Task prompt: Wherever the string "Terminator" shows up in the data below, copy the whole line.

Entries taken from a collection
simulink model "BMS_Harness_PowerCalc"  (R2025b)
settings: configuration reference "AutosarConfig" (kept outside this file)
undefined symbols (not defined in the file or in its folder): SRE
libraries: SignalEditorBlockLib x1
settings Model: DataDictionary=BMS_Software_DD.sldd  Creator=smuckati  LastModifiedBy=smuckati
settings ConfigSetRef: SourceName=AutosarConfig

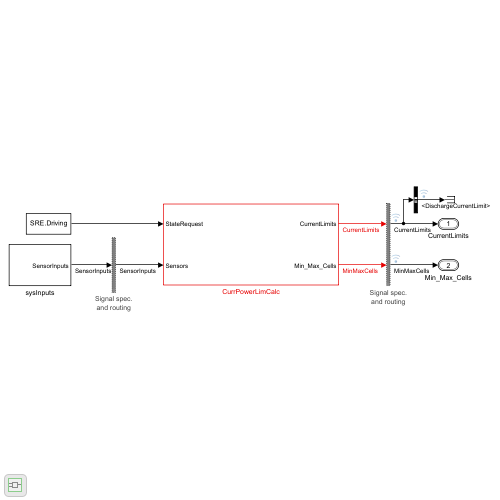
[thumbnail: Simulink's stored preview of the top-level diagram]
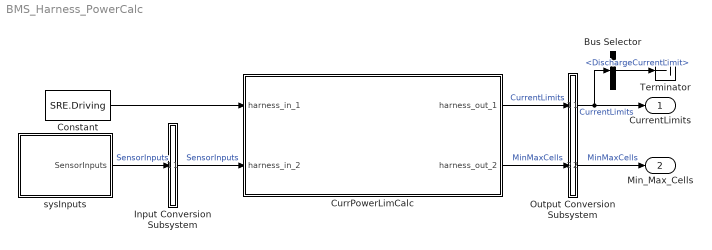
== system BMS_Harness_PowerCalc ==
  Bus Selector : BusSelector  OutputSignals=DischargeCurrentLimit
  Constant : Constant  Value=SRE.Driving
  CurrPowerLimCalc : Subsystem  Tag=__SL_testing_harness_stub_
  Input Conversion Subsystem : Subsystem  Tag=__SLT_ICS__  Description=|
      | Signal spec.
      | and routing
      settings: AttributesFormatString=%<Description>
  Output Conversion Subsystem : Subsystem  Tag=__SLT_OCS__  Description=|
      | Signal spec.
      | and routing
      settings: AttributesFormatString=%<Description>
  Terminator : Terminator
  sysInputs : Subsystem
  CurrentLimits : Outport  OutDataTypeStr=Bus: CurrentLimits
  Min_Max_Cells : Outport  Port=2  OutDataTypeStr=Bus: Min_Max_Cells
  wires:
  Output Conversion Subsystem/1(Outport_1) -> Bus Selector/1, CurrentLimits/1  "CurrentLimits"
  Output Conversion Subsystem/2(Outport_2) -> Min_Max_Cells/1  "MinMaxCells"
  Input Conversion Subsystem/1(Outport_1) -> CurrPowerLimCalc/2(harness_in_2)  "SensorInputs"
  CurrPowerLimCalc/1(harness_out_1) -> Output Conversion Subsystem/1(Inport_1)  "CurrentLimits"
  CurrPowerLimCalc/2(harness_out_2) -> Output Conversion Subsystem/2(Inport_2)  "MinMaxCells"
  sysInputs/1(SensorInputs) -> Input Conversion Subsystem/1(Inport_1)  "SensorInputs"
  Bus Selector/1 -> Terminator/1  "<DischargeCurrentLimit>"
  Constant/1 -> CurrPowerLimCalc/1(harness_in_1)

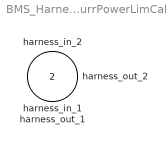
== system BMS_Harness_PowerCalc/CurrPowerLimCalc ==
  harness_in_1 : Inport
  harness_in_2 : Inport  Port=2
  harness_out_1 : Outport
  harness_out_2 : Outport  Port=2

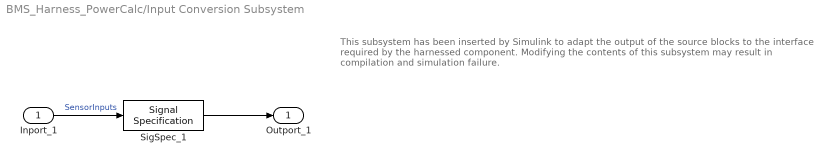
== system BMS_Harness_PowerCalc/Input Conversion Subsystem ==
  note: This subsystem has been inserted by Simulink to adapt the output of the source blocks to the interface required by the harnessed component.
      |  Modifying the contents of this subsystem may result in compilation and simulation failure.
  Inport_1 : Inport
  SigSpec_1 : SignalSpecification  OutDataTypeStr=Bus: Sensors  Dimensions=[1]  SampleTime=0.1  BusOutputAsStruct=on
  Outport_1 : Outport
  wires:
  SigSpec_1/1 -> Outport_1/1
  Inport_1/1 -> SigSpec_1/1  "SensorInputs"

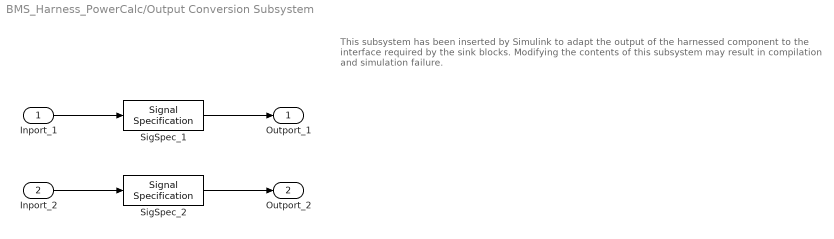
== system BMS_Harness_PowerCalc/Output Conversion Subsystem ==
  note: This subsystem has been inserted by Simulink to adapt the output of the harnessed component to the interface required by the sink blocks.
      |  Modifying the contents of this subsystem may result in compilation and simulation failure.
  Inport_1 : Inport
  Inport_2 : Inport  Port=2
  SigSpec_1 : SignalSpecification  OutDataTypeStr=Bus: CurrentLimits  Dimensions=[1]  SampleTime=0.1  BusOutputAsStruct=on
  SigSpec_2 : SignalSpecification  OutDataTypeStr=Bus: Min_Max_Cells  Dimensions=[1]  SampleTime=0.1  BusOutputAsStruct=on
  Outport_1 : Outport
  Outport_2 : Outport  Port=2
  wires:
  Inport_1/1 -> SigSpec_1/1
  SigSpec_1/1 -> Outport_1/1
  Inport_2/1 -> SigSpec_2/1
  SigSpec_2/1 -> Outport_2/1

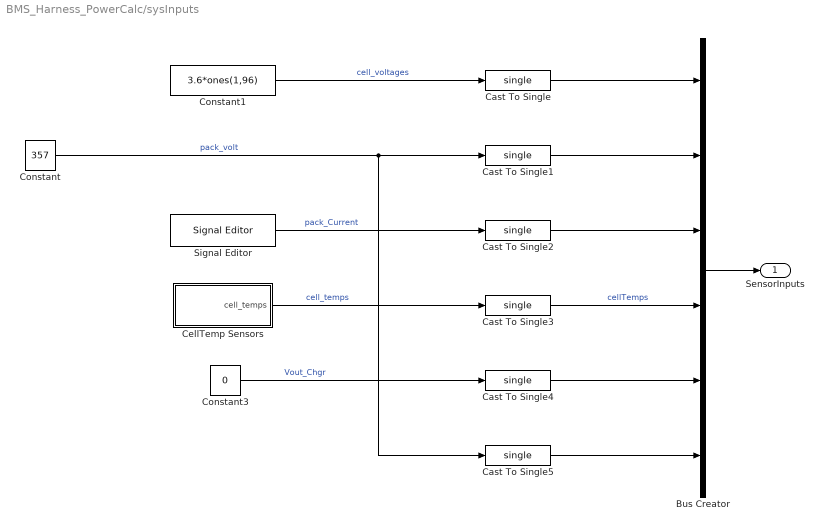
== system BMS_Harness_PowerCalc/sysInputs ==
  Bus Creator : BusCreator  Inputs=6  OutDataTypeStr=Bus: Sensors  NonVirtualBus=on
      settings: InheritFromInputs=off
  Cast To Single{,1..5} (6 alike) : DataTypeConversion  OutDataTypeStr=single  SaturateOnIntegerOverflow=off  RndMeth=Floor
  CellTemp Sensors : Subsystem
  Constant : Constant  Value=357
  Constant1 : Constant  Value=3.6*ones(1,96)
  Constant3 : Constant  Value=0
  Signal Editor : SignalEditorBlockLib/Signal Editor  FileName=PowerCalc_HarnessInputs.mat  ActiveScenario=Scenario  ActiveSignal=PackCurrent  IsBus=off  OutputBusObjectStr=Bus: BusObject  SampleTime=0  Interpolate=off  ZeroCross=off  OutputAfterFinalValue=Setting to zero  Unit=inherit  PreserveSignalName=on  ApplySigPropsToAllScenarios=on  ApplySigPropsToAllSignals=off  SignalPropertySource=Dialog parameters
  SensorInputs : Outport
  wires:
  Bus Creator/1 -> SensorInputs/1
  Constant1/1 -> Cast To Single/1  "cell_voltages"
  Constant/1 -> Cast To Single5/1, Cast To Single1/1  "pack_volt"
  Constant3/1 -> Cast To Single4/1  "Vout_Chgr"
  Signal Editor/1 -> Cast To Single2/1  "pack_Current"
  Cast To Single/1 -> Bus Creator/1
  Cast To Single1/1 -> Bus Creator/2
  Cast To Single2/1 -> Bus Creator/3
  Cast To Single3/1 -> Bus Creator/4  "cellTemps"
  Cast To Single4/1 -> Bus Creator/5
  Cast To Single5/1 -> Bus Creator/6
  CellTemp Sensors/1(cell_temps) -> Cast To Single3/1  "cell_temps"

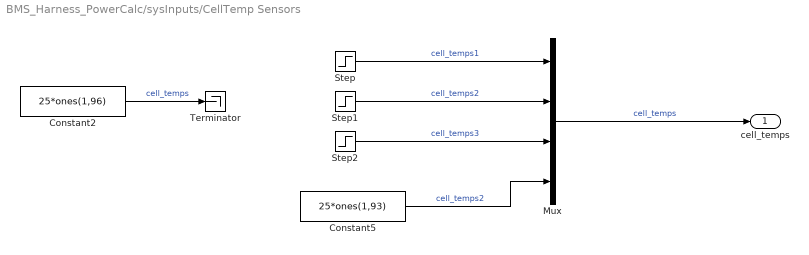
== system BMS_Harness_PowerCalc/sysInputs/CellTemp Sensors ==
  Constant2 : Constant  Value=25*ones(1,96)
  Constant5 : Constant  Value=25*ones(1,93)
  Mux : Mux
  Step : Step  Time=400  Before=24  After=14  SampleTime=0
      settings: AttributesFormatString=Tfinal = 14
  Step1 : Step  Time=400  Before=24  After=14  SampleTime=0
      settings: AttributesFormatString=Tfinal = 14
  Step2 : Step  Time=400  Before=24  After=12  SampleTime=0
      settings: AttributesFormatString=Tfinal = 12
  Terminator : Terminator
  cell_temps : Outport
  wires:
  Constant5/1 -> Mux/4  "cell_temps2"
  Constant2/1 -> Terminator/1  "cell_temps"
  Step1/1 -> Mux/2  "cell_temps2"
  Mux/1 -> cell_temps/1  "cell_temps"
  Step/1 -> Mux/1  "cell_temps1"
  Step2/1 -> Mux/3  "cell_temps3"
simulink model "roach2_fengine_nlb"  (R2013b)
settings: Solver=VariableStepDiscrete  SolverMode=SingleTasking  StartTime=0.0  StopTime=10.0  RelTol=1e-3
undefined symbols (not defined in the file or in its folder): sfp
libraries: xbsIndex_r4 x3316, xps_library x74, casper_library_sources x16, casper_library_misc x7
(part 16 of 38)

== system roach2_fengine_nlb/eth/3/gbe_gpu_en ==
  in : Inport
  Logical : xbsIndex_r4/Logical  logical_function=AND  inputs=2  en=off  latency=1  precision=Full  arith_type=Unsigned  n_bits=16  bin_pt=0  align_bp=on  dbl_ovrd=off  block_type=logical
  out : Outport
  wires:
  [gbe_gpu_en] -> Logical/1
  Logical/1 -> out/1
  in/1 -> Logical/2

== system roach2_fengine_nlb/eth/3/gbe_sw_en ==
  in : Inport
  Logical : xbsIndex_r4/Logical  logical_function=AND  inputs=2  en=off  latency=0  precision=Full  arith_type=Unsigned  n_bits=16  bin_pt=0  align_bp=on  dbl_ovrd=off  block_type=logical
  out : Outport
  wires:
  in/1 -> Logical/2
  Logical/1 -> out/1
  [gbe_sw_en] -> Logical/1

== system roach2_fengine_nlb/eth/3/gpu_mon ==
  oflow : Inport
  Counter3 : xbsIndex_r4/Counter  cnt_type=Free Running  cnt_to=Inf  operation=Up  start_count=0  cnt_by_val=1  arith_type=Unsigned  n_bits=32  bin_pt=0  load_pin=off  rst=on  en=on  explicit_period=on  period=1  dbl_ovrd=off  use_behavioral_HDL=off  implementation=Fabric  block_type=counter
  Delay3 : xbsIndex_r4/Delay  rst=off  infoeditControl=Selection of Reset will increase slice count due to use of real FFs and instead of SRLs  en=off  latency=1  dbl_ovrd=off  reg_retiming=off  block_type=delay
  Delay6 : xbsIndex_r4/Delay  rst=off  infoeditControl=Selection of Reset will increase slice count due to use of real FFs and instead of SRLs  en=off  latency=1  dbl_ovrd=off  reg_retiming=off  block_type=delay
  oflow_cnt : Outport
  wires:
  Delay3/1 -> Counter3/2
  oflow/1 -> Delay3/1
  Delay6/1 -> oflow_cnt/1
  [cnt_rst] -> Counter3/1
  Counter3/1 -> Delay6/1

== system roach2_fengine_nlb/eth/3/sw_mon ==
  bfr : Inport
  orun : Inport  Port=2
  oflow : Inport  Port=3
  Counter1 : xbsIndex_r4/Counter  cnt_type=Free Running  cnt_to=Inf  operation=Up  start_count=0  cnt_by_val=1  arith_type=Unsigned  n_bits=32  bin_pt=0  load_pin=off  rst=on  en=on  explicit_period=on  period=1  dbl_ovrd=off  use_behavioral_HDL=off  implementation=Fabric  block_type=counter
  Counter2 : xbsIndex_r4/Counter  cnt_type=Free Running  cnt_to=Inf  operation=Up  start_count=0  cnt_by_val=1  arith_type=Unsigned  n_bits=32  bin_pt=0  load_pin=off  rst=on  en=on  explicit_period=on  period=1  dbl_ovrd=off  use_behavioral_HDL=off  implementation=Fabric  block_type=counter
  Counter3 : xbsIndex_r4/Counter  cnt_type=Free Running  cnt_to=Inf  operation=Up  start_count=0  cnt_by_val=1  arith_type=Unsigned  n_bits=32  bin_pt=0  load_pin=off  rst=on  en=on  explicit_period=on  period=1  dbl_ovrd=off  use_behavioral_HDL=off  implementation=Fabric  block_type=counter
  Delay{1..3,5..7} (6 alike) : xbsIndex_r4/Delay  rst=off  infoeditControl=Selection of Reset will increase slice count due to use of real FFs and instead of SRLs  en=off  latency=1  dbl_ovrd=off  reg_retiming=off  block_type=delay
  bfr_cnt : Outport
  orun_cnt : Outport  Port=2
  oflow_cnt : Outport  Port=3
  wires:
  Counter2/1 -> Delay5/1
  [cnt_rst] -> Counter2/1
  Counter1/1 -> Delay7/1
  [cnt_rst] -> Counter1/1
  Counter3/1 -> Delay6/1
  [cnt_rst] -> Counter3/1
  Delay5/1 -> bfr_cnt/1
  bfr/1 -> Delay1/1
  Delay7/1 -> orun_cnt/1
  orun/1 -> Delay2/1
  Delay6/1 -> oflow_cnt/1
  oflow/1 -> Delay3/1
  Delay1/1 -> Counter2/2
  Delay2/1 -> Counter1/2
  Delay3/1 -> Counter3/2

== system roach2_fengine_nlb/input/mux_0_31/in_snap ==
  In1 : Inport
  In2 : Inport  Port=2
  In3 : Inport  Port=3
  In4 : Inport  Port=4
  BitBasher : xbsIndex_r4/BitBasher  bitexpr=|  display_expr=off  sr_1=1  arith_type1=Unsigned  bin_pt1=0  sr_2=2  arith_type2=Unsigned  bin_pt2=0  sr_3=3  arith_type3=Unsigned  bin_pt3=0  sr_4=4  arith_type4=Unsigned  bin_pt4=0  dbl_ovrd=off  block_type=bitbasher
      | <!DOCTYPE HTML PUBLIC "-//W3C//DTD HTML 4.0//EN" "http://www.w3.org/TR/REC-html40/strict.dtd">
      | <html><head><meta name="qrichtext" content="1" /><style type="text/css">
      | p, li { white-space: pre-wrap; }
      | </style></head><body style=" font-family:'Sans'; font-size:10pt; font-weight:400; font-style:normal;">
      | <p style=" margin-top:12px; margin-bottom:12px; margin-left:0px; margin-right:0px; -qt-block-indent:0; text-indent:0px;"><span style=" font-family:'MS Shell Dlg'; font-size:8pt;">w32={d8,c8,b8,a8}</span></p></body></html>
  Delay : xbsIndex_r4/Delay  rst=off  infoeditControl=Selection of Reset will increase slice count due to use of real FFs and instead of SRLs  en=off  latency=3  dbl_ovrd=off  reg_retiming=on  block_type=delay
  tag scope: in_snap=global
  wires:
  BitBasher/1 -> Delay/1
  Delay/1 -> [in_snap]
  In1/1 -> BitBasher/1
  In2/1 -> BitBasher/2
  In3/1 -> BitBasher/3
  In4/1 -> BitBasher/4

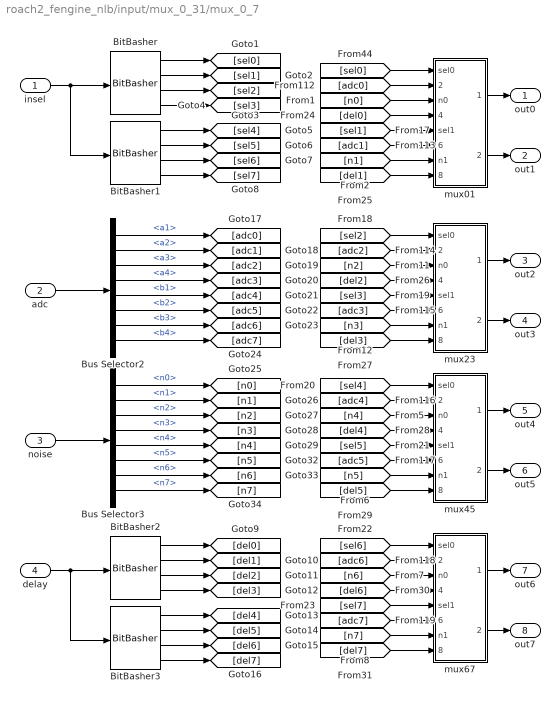
== system roach2_fengine_nlb/input/mux_0_31/mux_0_7 ==
  insel : Inport
  adc : Inport  Port=2
  noise : Inport  Port=3
  delay : Inport  Port=4
  BitBasher : xbsIndex_r4/BitBasher  bitexpr=|  display_expr=off  sr_1=1  arith_type1=Unsigned  bin_pt1=0  sr_2=2  arith_type2=Unsigned  bin_pt2=0  sr_3=3  arith_type3=Unsigned  bin_pt3=0  sr_4=4  arith_type4=Unsigned  bin_pt4=0  dbl_ovrd=off  block_type=bitbasher
      | <!DOCTYPE HTML PUBLIC "-//W3C//DTD HTML 4.0//EN" "http://www.w3.org/TR/REC-html40/strict.dtd">
      | <html><head><meta name="qrichtext" content="1" /><style type="text/css">
      | p, li { white-space: pre-wrap; }
      | </style></head><body style=" font-family:'Sans'; font-size:10pt; font-weight:400; font-style:normal;">
      | <p style=" margin-top:12px; margin-bottom:12px; margin-left:0px; margin-right:0px; -qt-block-indent:0; text-indent:0px;"><span style=" font-family:'MS Shell Dlg'; font-size:8pt;">s0={sel[1:0]}<br />s1={sel[5:4]}<br />s2={sel[9:8]}<br />s3={sel[13:12]}</span></p></body></html>
  BitBasher1 : xbsIndex_r4/BitBasher  bitexpr=|  display_expr=off  sr_1=1  arith_type1=Unsigned  bin_pt1=0  sr_2=2  arith_type2=Unsigned  bin_pt2=0  sr_3=3  arith_type3=Unsigned  bin_pt3=0  sr_4=4  arith_type4=Unsigned  bin_pt4=0  dbl_ovrd=off  block_type=bitbasher
      | <!DOCTYPE HTML PUBLIC "-//W3C//DTD HTML 4.0//EN" "http://www.w3.org/TR/REC-html40/strict.dtd">
      | <html><head><meta name="qrichtext" content="1" /><style type="text/css">
      | p, li { white-space: pre-wrap; }
      | </style></head><body style=" font-family:'Sans'; font-size:10pt; font-weight:400; font-style:normal;">
      | <p style=" margin-top:12px; margin-bottom:12px; margin-left:0px; margin-right:0px; -qt-block-indent:0; text-indent:0px;"><span style=" font-family:'MS Shell Dlg'; font-size:8pt;">s4={sel[17:16]}<br />s5={sel[21:20]}<br />s6={sel[25:24]}<br />s7={sel[29:28]}</span></p></body></html>
  BitBasher2 : xbsIndex_r4/BitBasher  bitexpr=|  display_expr=off  sr_1=1  arith_type1=Unsigned  bin_pt1=0  sr_2=2  arith_type2=Unsigned  bin_pt2=0  sr_3=3  arith_type3=Unsigned  bin_pt3=0  sr_4=4  arith_type4=Unsigned  bin_pt4=0  dbl_ovrd=off  block_type=bitbasher
      | <!DOCTYPE HTML PUBLIC "-//W3C//DTD HTML 4.0//EN" "http://www.w3.org/TR/REC-html40/strict.dtd">
      | <html><head><meta name="qrichtext" content="1" /><style type="text/css">
      | p, li { white-space: pre-wrap; }
      | </style></head><body style=" font-family:'Sans'; font-size:10pt; font-weight:400; font-style:normal;">
      | <p style=" margin-top:12px; margin-bottom:12px; margin-left:0px; margin-right:0px; -qt-block-indent:0; text-indent:0px;"><span style=" font-family:'MS Shell Dlg'; font-size:8pt;">d0={delay[7:0]}<br />d1={delay[15:8]}<br />d2={delay[23:16]}<br />d3={delay[31:24]}</span></p></body></html>
  BitBasher3 : xbsIndex_r4/BitBasher  bitexpr=|  display_expr=off  sr_1=1  arith_type1=Unsigned  bin_pt1=0  sr_2=2  arith_type2=Unsigned  bin_pt2=0  sr_3=3  arith_type3=Unsigned  bin_pt3=0  sr_4=4  arith_type4=Unsigned  bin_pt4=0  dbl_ovrd=off  block_type=bitbasher
      | <!DOCTYPE HTML PUBLIC "-//W3C//DTD HTML 4.0//EN" "http://www.w3.org/TR/REC-html40/strict.dtd">
      | <html><head><meta name="qrichtext" content="1" /><style type="text/css">
      | p, li { white-space: pre-wrap; }
      | </style></head><body style=" font-family:'Sans'; font-size:10pt; font-weight:400; font-style:normal;">
      | <p style=" margin-top:12px; margin-bottom:12px; margin-left:0px; margin-right:0px; -qt-block-indent:0; text-indent:0px;"><span style=" font-family:'MS Shell Dlg'; font-size:8pt;">d4={delay[39:32]}<br />d5={delay[47:40]}<br />d6={delay[55:48]}<br />d7={delay[63:56]}</span></p></body></html>
  Bus Selector2 : BusSelector  OutputSignals=a1,a2,a3,a4,b1,b2,b3,b4
  Bus Selector3 : BusSelector  OutputSignals=n0,n1,n2,n3,n4,n5,n6,n7
  mux01 : Subsystem
  mux23 : Subsystem
  mux45 : Subsystem
  mux67 : Subsystem
  out0 : Outport
  out1 : Outport  Port=2
  out2 : Outport  Port=3
  out3 : Outport  Port=4
  out4 : Outport  Port=5
  out5 : Outport  Port=6
  out6 : Outport  Port=7
  out7 : Outport  Port=8
  wires:
  [sel0] -> mux01/1(sel0)
  [adc0] -> mux01/2(adc0)
  [del0] -> mux01/4(delay0)
  [sel1] -> mux01/5(sel1)
  [adc1] -> mux01/6(adc1)
  [del1] -> mux01/8(delay1)
  BitBasher/1 -> [sel0]
  BitBasher/2 -> [sel1]
  BitBasher/3 -> [sel2]
  BitBasher/4 -> [sel3]
  BitBasher1/1 -> [sel4]
  BitBasher1/2 -> [sel5]
  BitBasher1/3 -> [sel6]
  BitBasher1/4 -> [sel7]
  [n0] -> mux01/3(n0)
  [n1] -> mux01/7(n1)
  [sel2] -> mux23/1(sel0)
  [adc2] -> mux23/2(adc0)
  [n2] -> mux23/3(n0)
  [del2] -> mux23/4(delay0)
  [sel3] -> mux23/5(sel1)
  [adc3] -> mux23/6(adc1)
  [n3] -> mux23/7(n1)
  [del3] -> mux23/8(delay1)
  [sel4] -> mux45/1(sel0)
  [adc4] -> mux45/2(adc0)
  [n4] -> mux45/3(n0)
  [del4] -> mux45/4(delay0)
  [sel5] -> mux45/5(sel1)
  [adc5] -> mux45/6(adc1)
  [n5] -> mux45/7(n1)
  [del5] -> mux45/8(delay1)
  [sel6] -> mux67/1(sel0)
  [adc6] -> mux67/2(adc0)
  [n6] -> mux67/3(n0)
  [del6] -> mux67/4(delay0)
  [sel7] -> mux67/5(sel1)
  [adc7] -> mux67/6(adc1)
  [n7] -> mux67/7(n1)
  [del7] -> mux67/8(delay1)
  insel/1 -> BitBasher1/1, BitBasher/1
  BitBasher2/1 -> [del0]
  BitBasher2/2 -> [del1]
  BitBasher2/3 -> [del2]
  BitBasher2/4 -> [del3]
  BitBasher3/1 -> [del4]
  BitBasher3/2 -> [del5]
  BitBasher3/3 -> [del6]
  BitBasher3/4 -> [del7]
  delay/1 -> BitBasher3/1, BitBasher2/1
  Bus Selector2/1 -> [adc0]  "<a1>"
  Bus Selector2/2 -> [adc1]  "<a2>"
  Bus Selector2/3 -> [adc2]  "<a3>"
  Bus Selector2/4 -> [adc3]  "<a4>"
  Bus Selector2/5 -> [adc4]  "<b1>"
  Bus Selector2/6 -> [adc5]  "<b2>"
  Bus Selector2/7 -> [adc6]  "<b3>"
  Bus Selector2/8 -> [adc7]  "<b4>"
  Bus Selector3/1 -> [n0]  "<n0>"
  Bus Selector3/2 -> [n1]  "<n1>"
  Bus Selector3/3 -> [n2]  "<n2>"
  Bus Selector3/4 -> [n3]  "<n3>"
  Bus Selector3/5 -> [n4]  "<n4>"
  Bus Selector3/6 -> [n5]  "<n5>"
  Bus Selector3/7 -> [n6]  "<n6>"
  Bus Selector3/8 -> [n7]  "<n7>"
  mux01/1(out0) -> out0/1
  mux01/2(out1) -> out1/1
  mux23/1(out0) -> out2/1
  adc/1 -> Bus Selector2/1
  mux23/2(out1) -> out3/1
  mux45/1(out0) -> out4/1
  noise/1 -> Bus Selector3/1
  mux45/2(out1) -> out5/1
  mux67/1(out0) -> out6/1
  mux67/2(out1) -> out7/1

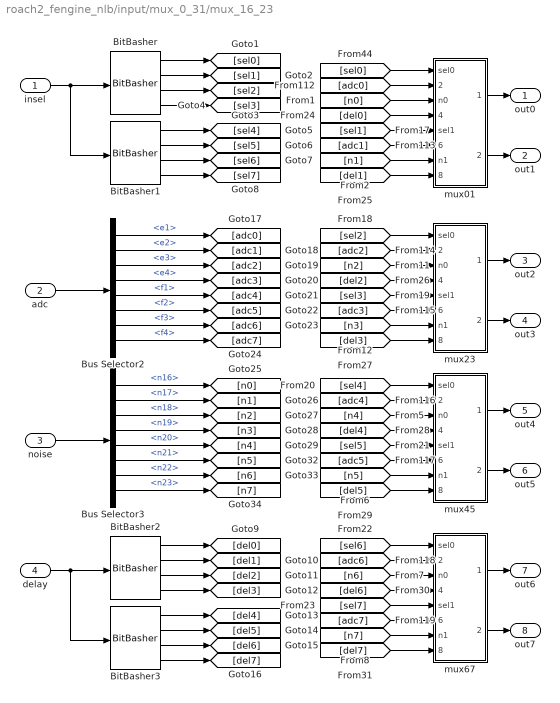
== system roach2_fengine_nlb/input/mux_0_31/mux_16_23 ==
  insel : Inport
  adc : Inport  Port=2
  noise : Inport  Port=3
  delay : Inport  Port=4
  BitBasher : xbsIndex_r4/BitBasher  bitexpr=|  display_expr=off  sr_1=1  arith_type1=Unsigned  bin_pt1=0  sr_2=2  arith_type2=Unsigned  bin_pt2=0  sr_3=3  arith_type3=Unsigned  bin_pt3=0  sr_4=4  arith_type4=Unsigned  bin_pt4=0  dbl_ovrd=off  block_type=bitbasher
      | <!DOCTYPE HTML PUBLIC "-//W3C//DTD HTML 4.0//EN" "http://www.w3.org/TR/REC-html40/strict.dtd">
      | <html><head><meta name="qrichtext" content="1" /><style type="text/css">
      | p, li { white-space: pre-wrap; }
      | </style></head><body style=" font-family:'Sans'; font-size:10pt; font-weight:400; font-style:normal;">
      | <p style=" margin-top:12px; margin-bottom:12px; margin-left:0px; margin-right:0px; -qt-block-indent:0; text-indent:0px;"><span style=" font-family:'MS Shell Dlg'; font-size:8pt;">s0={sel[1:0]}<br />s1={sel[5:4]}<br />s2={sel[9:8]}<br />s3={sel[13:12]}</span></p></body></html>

Answer to the exercise:
  Terminator : Terminator
  Bus Selector/1 -> Terminator/1  "<DischargeCurrentLimit>"
  Terminator : Terminator
  Constant2/1 -> Terminator/1  "cell_temps"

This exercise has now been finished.